Dataset records
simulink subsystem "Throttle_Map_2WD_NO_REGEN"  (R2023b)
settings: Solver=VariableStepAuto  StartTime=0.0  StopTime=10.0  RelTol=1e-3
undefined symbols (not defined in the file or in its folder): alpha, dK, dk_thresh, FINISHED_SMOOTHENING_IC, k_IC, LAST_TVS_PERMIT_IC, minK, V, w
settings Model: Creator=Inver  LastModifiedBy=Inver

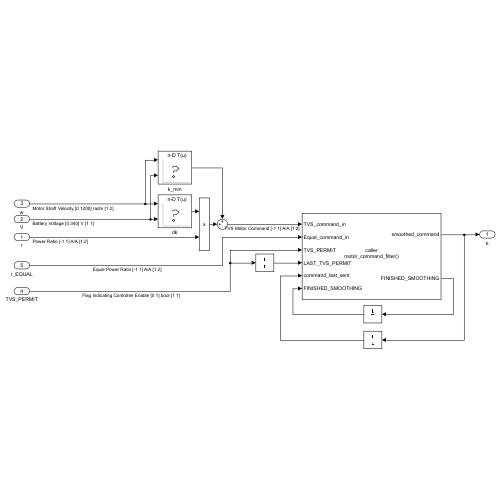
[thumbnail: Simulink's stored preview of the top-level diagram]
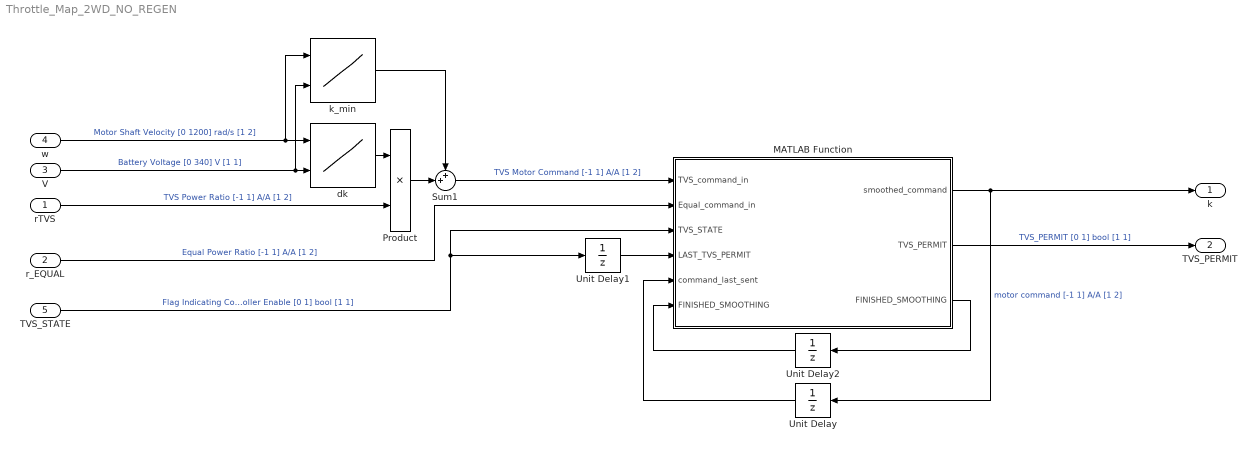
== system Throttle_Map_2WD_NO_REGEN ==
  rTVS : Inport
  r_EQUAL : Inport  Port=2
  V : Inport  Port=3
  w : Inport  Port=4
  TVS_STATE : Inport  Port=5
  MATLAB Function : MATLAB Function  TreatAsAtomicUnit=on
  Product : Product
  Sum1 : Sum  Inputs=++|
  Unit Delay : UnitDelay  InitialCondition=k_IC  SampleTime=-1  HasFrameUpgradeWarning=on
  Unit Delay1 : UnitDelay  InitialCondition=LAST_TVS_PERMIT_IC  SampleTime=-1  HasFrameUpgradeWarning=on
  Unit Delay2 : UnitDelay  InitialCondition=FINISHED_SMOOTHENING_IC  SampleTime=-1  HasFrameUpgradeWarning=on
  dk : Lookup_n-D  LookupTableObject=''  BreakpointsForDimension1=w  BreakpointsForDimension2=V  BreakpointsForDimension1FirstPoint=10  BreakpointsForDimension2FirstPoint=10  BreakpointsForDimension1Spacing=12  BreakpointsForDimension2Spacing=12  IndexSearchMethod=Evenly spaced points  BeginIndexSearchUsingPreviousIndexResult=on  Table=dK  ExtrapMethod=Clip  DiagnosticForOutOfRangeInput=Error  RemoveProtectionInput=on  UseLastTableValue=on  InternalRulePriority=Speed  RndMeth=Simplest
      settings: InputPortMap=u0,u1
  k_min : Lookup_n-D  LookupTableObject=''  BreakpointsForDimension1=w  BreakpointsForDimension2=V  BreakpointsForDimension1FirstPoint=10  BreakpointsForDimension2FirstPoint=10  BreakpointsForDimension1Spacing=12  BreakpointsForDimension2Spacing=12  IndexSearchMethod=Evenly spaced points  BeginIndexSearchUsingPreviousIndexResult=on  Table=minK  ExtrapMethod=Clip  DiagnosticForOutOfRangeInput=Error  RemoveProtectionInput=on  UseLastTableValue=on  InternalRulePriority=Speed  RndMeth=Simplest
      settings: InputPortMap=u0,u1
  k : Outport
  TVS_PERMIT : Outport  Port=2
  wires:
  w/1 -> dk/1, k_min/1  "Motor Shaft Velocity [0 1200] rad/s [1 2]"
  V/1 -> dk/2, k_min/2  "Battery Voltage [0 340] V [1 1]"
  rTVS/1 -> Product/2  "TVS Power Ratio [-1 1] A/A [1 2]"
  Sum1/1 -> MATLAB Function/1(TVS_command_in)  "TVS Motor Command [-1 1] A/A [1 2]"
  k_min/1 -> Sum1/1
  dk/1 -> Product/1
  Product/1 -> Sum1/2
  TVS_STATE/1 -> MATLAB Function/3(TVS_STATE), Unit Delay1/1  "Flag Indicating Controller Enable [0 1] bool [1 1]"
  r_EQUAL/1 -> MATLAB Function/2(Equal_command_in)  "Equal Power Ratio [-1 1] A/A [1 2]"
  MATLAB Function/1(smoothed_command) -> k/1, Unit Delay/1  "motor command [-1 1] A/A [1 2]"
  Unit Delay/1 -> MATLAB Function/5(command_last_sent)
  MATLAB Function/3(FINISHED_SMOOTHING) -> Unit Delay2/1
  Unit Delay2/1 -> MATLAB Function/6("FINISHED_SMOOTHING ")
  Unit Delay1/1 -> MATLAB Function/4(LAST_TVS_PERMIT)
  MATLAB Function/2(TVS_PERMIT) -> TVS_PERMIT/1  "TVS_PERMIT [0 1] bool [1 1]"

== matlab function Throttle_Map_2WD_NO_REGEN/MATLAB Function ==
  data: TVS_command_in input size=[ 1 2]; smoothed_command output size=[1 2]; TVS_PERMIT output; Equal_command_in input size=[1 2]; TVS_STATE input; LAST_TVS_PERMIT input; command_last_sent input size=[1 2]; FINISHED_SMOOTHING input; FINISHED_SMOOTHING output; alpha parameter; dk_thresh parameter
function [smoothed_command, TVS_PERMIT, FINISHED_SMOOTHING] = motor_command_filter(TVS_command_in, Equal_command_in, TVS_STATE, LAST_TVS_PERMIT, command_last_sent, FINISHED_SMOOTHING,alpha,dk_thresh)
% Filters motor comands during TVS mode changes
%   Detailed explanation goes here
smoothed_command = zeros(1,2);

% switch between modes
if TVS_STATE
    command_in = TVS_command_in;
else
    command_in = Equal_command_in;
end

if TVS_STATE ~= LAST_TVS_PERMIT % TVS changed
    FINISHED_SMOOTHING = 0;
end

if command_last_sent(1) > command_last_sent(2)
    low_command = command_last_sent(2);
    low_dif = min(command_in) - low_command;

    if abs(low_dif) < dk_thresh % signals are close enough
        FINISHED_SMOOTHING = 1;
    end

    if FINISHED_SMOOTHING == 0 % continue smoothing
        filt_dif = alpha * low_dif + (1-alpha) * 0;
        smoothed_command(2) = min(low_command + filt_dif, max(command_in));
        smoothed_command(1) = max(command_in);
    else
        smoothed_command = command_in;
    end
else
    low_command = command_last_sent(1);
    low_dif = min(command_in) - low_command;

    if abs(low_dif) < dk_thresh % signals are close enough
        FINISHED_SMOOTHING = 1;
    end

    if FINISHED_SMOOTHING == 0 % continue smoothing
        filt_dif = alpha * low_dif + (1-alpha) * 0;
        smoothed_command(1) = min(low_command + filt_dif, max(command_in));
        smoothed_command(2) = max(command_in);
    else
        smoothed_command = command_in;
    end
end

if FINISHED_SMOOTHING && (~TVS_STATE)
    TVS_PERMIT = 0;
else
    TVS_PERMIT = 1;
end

■ **What is being asked**
"[thumbnail: Simulink's stored" marks the last line to keep. Retype every line from the start of the entries through that one, exactly, and drop the pictures.

■ **Completed task**
simulink subsystem "Throttle_Map_2WD_NO_REGEN"  (R2023b)
settings: Solver=VariableStepAuto  StartTime=0.0  StopTime=10.0  RelTol=1e-3
undefined symbols (not defined in the file or in its folder): alpha, dK, dk_thresh, FINISHED_SMOOTHENING_IC, k_IC, LAST_TVS_PERMIT_IC, minK, V, w
settings Model: Creator=Inver  LastModifiedBy=Inver

[thumbnail: Simulink's stored preview of the top-level diagram]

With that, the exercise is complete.